Tras un invierno muy gris, frío y largo, llegó el primer día de la primavera. Era un sábado soleado, los cerezos estaban en flor, los tulipanes se lanzaban a la apertura, y yo tenía una cita con H. Era la segunda vez que la veía, y mi corazón emulaba a los tulipanes. Esto era notable para mí porque normalmente mi pecho era un lugar estrecho y sombrío. Sin embargo, con ella había “conectado”. Sentía que había una cualidad distinta en ella. Sentía que podía verla, verla de verdad, y no a través del velo de mi locura como veía todo lo demás.
Pasé el día paseando con ella por ese Chicago primaveral y hablamos de Dios. Ella era evangelista (se estaba estudiando la Biblia de memoria). Yo era más bien ateo. Fue una conversación larga y bonita, buscando entender al otro. Yo llevaba mi corazón volando como una cometa o un globo de helio que se hinchaba e hinchaba, a punto de estallar. Le enseñé una canción que me gustaba mucho: “To Build a Home”, de Cinematic Orchestra. Acabamos en su apartamento y al final de la noche, en su cocina casi a oscuras, estallé y le conté cómo me sentía. Me dijo que era mutuo, pero que no concebía tener una relación con alguien que creía ser su propio dios.
Me fui a casa frustrado, caminando por un Chicago oscuro de neones, alcantarillas y trenes. Iba discutiendo con Dios (como buen ateo). Le echaba en cara que mis intentos de acercarme a Él fuesen totalmente fútiles. Que me hubiese mandado un ángel que claramente podía acercarme a Él, para luego rechazarme por no estar ya cerca de Él. Mi situación era absurda y cruel.

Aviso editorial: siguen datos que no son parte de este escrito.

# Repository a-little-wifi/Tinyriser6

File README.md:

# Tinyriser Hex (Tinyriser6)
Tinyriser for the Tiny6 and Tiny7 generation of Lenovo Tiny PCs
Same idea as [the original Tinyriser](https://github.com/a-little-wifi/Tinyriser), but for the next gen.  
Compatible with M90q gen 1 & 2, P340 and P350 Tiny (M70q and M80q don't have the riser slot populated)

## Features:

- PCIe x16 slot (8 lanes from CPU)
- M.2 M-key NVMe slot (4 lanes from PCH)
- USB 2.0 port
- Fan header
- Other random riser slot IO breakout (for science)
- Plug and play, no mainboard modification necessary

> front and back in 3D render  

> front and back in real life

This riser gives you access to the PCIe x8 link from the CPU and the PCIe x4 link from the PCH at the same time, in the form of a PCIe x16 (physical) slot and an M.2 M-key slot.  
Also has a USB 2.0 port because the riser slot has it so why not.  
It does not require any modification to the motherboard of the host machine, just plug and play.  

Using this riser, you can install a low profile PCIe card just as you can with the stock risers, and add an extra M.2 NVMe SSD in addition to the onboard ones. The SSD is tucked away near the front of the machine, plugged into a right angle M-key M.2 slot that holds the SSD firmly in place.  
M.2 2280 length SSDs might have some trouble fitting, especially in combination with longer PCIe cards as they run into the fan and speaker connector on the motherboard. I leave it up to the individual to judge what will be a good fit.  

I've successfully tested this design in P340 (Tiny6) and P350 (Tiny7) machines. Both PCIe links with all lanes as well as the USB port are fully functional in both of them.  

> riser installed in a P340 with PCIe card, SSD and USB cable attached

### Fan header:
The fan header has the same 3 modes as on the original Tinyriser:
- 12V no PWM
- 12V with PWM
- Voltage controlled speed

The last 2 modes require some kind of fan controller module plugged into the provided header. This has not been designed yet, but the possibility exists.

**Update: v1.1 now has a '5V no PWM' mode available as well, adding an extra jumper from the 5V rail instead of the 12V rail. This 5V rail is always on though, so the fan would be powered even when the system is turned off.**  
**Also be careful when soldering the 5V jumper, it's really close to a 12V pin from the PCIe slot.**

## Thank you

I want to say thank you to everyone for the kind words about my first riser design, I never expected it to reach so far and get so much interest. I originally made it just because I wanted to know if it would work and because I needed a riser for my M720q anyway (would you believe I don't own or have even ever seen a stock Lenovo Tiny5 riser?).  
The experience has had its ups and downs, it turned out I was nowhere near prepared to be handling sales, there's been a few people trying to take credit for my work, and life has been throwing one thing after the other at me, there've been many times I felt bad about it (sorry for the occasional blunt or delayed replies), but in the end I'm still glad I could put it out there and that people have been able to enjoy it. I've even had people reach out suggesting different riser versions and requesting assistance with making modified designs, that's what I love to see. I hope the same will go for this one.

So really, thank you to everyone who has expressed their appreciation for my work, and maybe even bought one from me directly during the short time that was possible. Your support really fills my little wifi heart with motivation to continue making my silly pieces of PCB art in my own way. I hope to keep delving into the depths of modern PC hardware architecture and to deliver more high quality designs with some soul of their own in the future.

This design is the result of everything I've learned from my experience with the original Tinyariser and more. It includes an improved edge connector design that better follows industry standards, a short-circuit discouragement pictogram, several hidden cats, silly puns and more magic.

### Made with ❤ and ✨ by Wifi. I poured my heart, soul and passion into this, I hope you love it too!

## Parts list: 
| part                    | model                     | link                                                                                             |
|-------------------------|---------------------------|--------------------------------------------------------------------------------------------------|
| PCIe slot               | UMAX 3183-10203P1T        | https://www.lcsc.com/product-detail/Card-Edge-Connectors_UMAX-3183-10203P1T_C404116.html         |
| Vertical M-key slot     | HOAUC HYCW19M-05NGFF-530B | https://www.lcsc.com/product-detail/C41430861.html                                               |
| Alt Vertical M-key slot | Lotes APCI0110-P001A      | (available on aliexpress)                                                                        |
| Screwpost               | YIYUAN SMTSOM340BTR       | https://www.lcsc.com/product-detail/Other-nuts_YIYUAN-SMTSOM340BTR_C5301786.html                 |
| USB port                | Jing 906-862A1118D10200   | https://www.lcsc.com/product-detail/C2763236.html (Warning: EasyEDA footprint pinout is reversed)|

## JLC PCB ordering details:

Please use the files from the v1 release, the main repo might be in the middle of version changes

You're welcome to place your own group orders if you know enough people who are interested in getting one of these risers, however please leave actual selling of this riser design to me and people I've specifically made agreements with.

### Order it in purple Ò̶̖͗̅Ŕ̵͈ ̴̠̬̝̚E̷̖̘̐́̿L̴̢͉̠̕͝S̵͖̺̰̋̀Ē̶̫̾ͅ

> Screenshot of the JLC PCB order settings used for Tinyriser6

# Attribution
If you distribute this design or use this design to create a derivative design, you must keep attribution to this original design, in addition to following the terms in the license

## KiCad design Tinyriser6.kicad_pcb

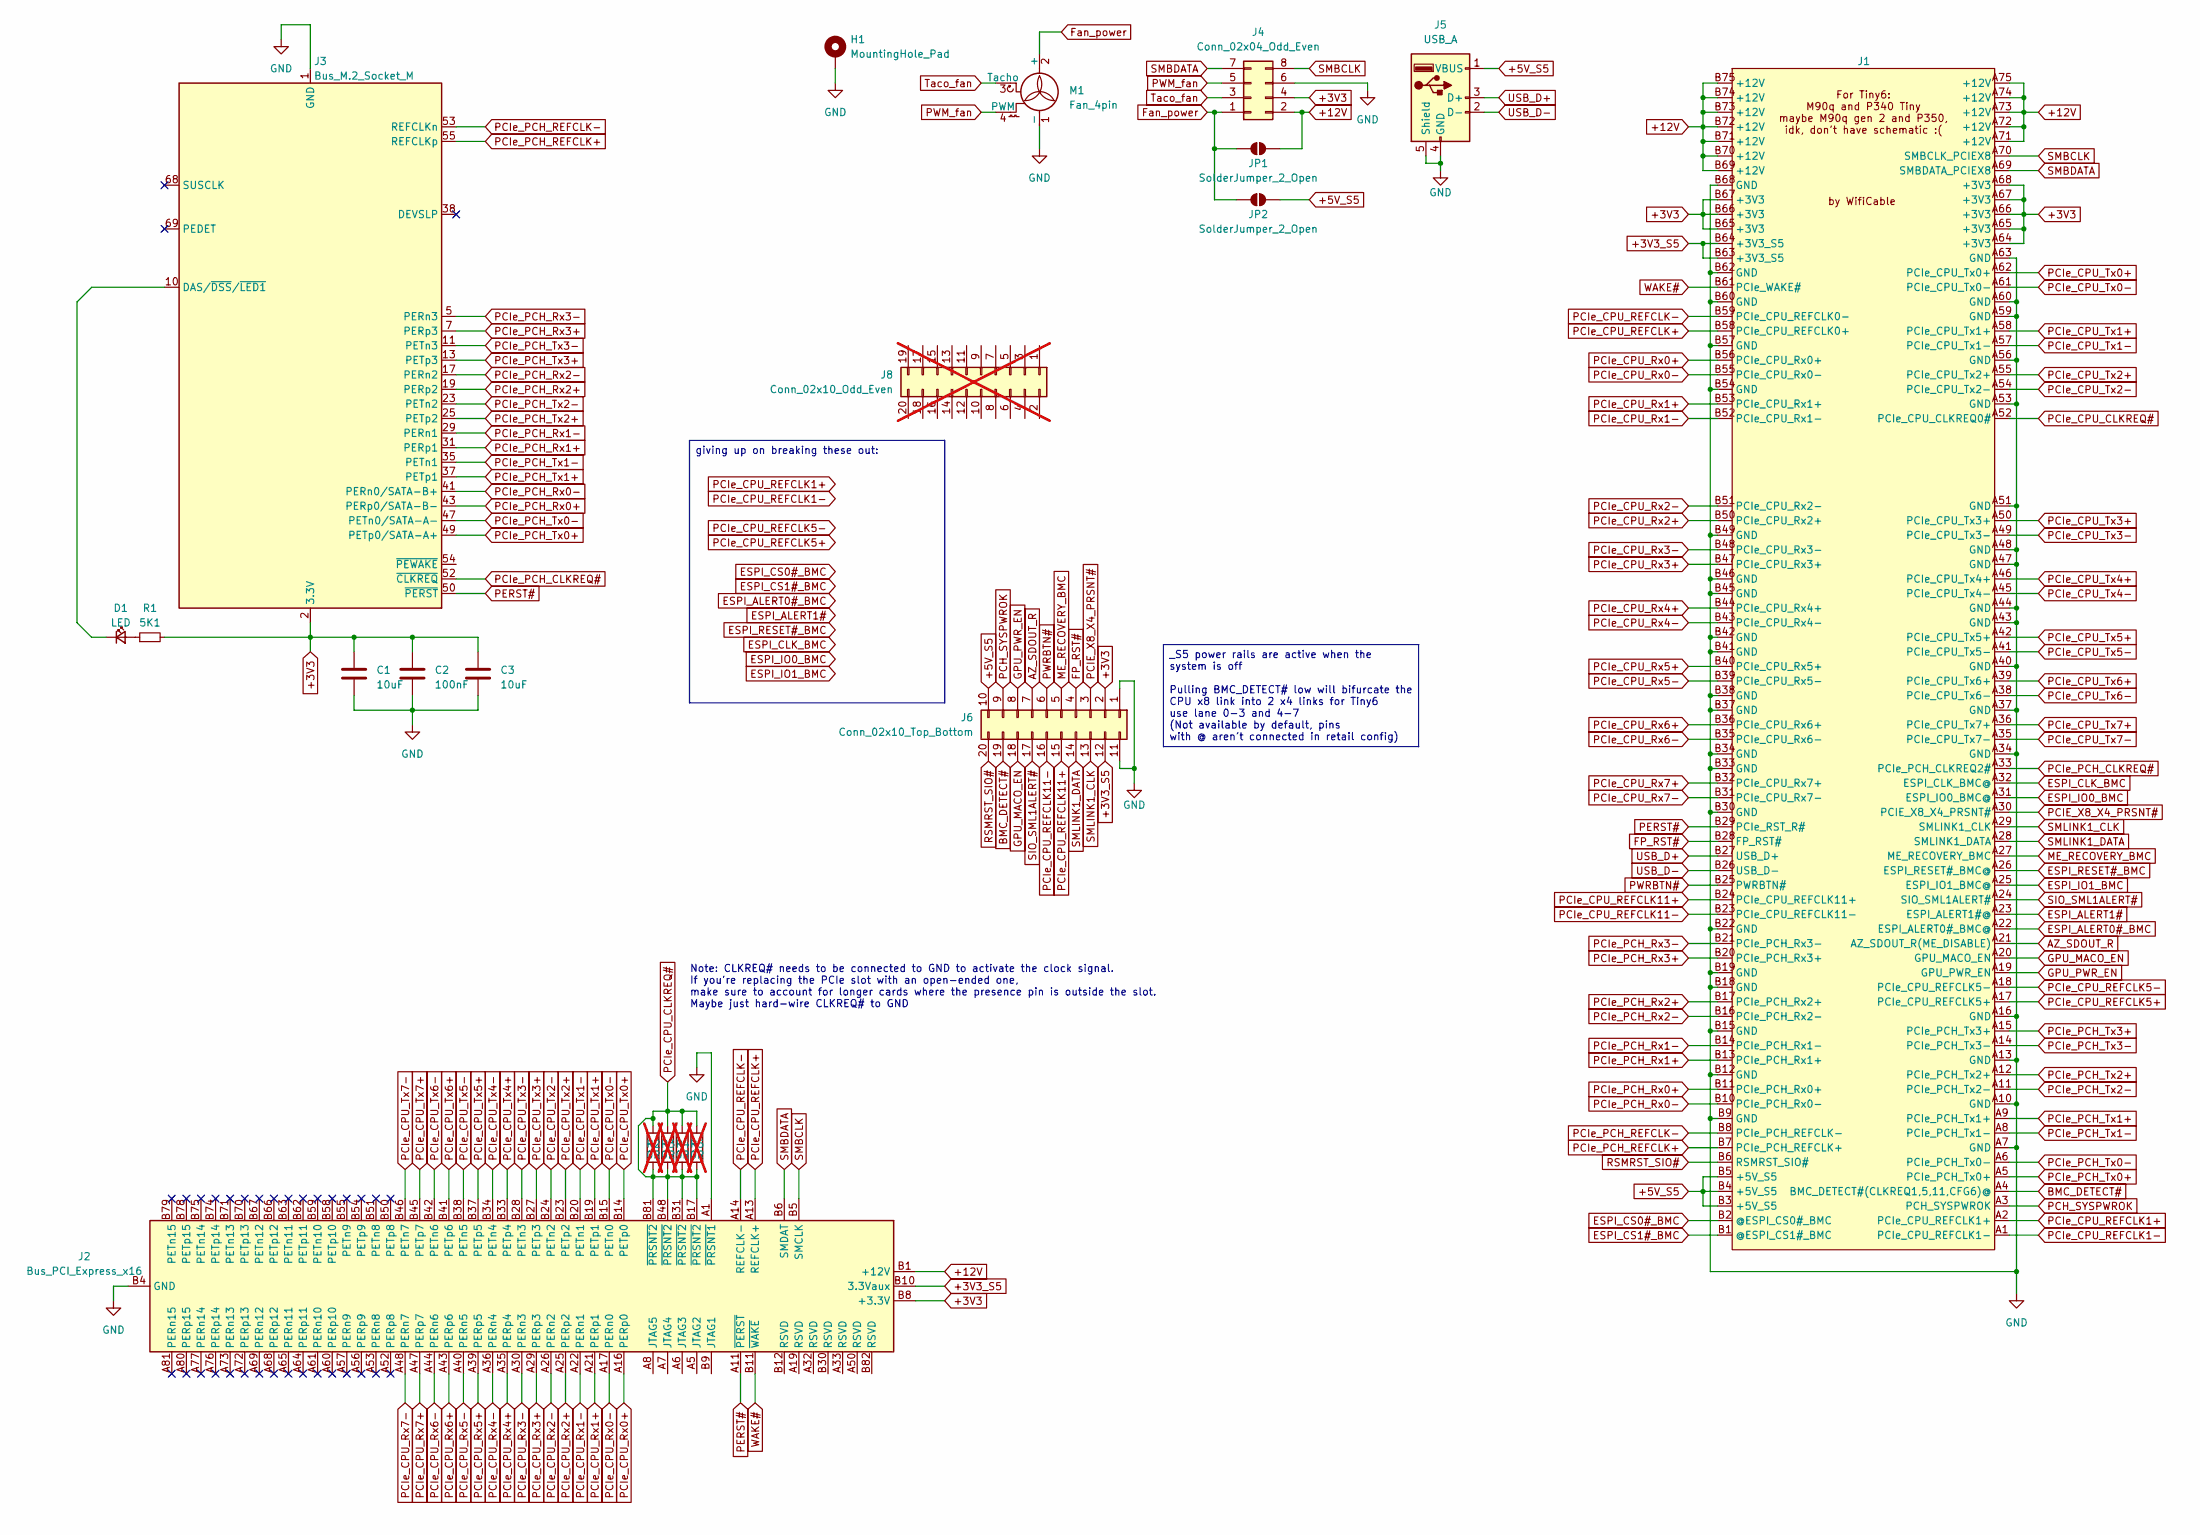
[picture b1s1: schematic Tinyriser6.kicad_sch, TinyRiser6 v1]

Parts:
C1, C3: 10uF; C_0603_1608Metric
C2: 100nF; C_0603_1608Metric
D1: LED; D_0603_1608Metric_Pad1.05x0.95mm_HandSolder
H1: MountingHole_Pad; MountingHole_4.3mm_M4_ISO7380_Pad_TopOnly
J1: TinyRiser6
J2: Bus_PCI_Express_x16; PCIe_x16_tht_smallholes
J3: Bus_M.2_Socket_M; M.2_NGFF_KeyM_H5.3_Vertical
J4: Conn_02x04_Odd_Even; PinSocket_2x04_P2.54mm_Horizontal
J5: USB_A; that-sideways-usb
J6: Conn_02x10_Top_Bottom; PinHeader_2x10_P2.54mm_Vertical
J8: Conn_02x10_Odd_Even; PinHeader_2x10_P2.54mm_Vertical; not fitted
JP1, JP2: SolderJumper_2_Open; SolderJumper-2_P1.3mm_Open_TrianglePad1.0x1.5mm
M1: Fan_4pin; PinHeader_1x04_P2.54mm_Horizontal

Así me fui a dormir, y así me desperté.
Lo primero que pensé, nada más retomar consciencia de mí mismo, fue “no me queda más que rezar”. Y finalmente me rendí; abandoné mi orgullo intelectual y mi esfuerzo mental por intentar resolver el misterio de la vida. Básicamente acepté la posibilidad de que Dios existiese y de que mi cerebro de bípedo implume fuese simplemente insuficiente para entender nada. Entonces dije en mi mente:
“Señor, si estás ahí, por favor, te pido ayuda.”
Entonces el dolor de mi estómago se esfumó por completo y de forma instantánea. Nunca volvió. Pero eso no fue lo más asombroso. Las otras veces en que había probado a rezar, en seguida paraba porque sentía que estaba hablando solo. Era como si me pusiese al teléfono y empezase a hablar sin haber llamado a nadie. Me sentía estúpido, mi orgullo me hacía sentir que era demasiado inteligente para eso. La diferencia esta vez fue radical. Sentí, al acabar mi breve oración, que alguien o algo descolgaba el teléfono del otro lado. Ya no estaba solo. Era evidente que estaba siendo escuchado. Y notaba esa presencia con claridad. Era igual a la mía, pero mi presencia estaba limitada a los confines de mi cuerpo y esta Presencia lo abarcaba todo. Era como si el espacio mismo dentro y fuera de mí vibrase con esa presencia. Hasta podía notarla al otro lado de la puerta, en el pasillo. Inmediatamente me puse a llorar. Y lloraba porque esa presencia estaba hecha de amor. Un amor tan completo y profundo que disolvía todo lo que no era amor y lo convertía en sí mismo. Era como un abrazo infinito. Era como haber vuelto a casa.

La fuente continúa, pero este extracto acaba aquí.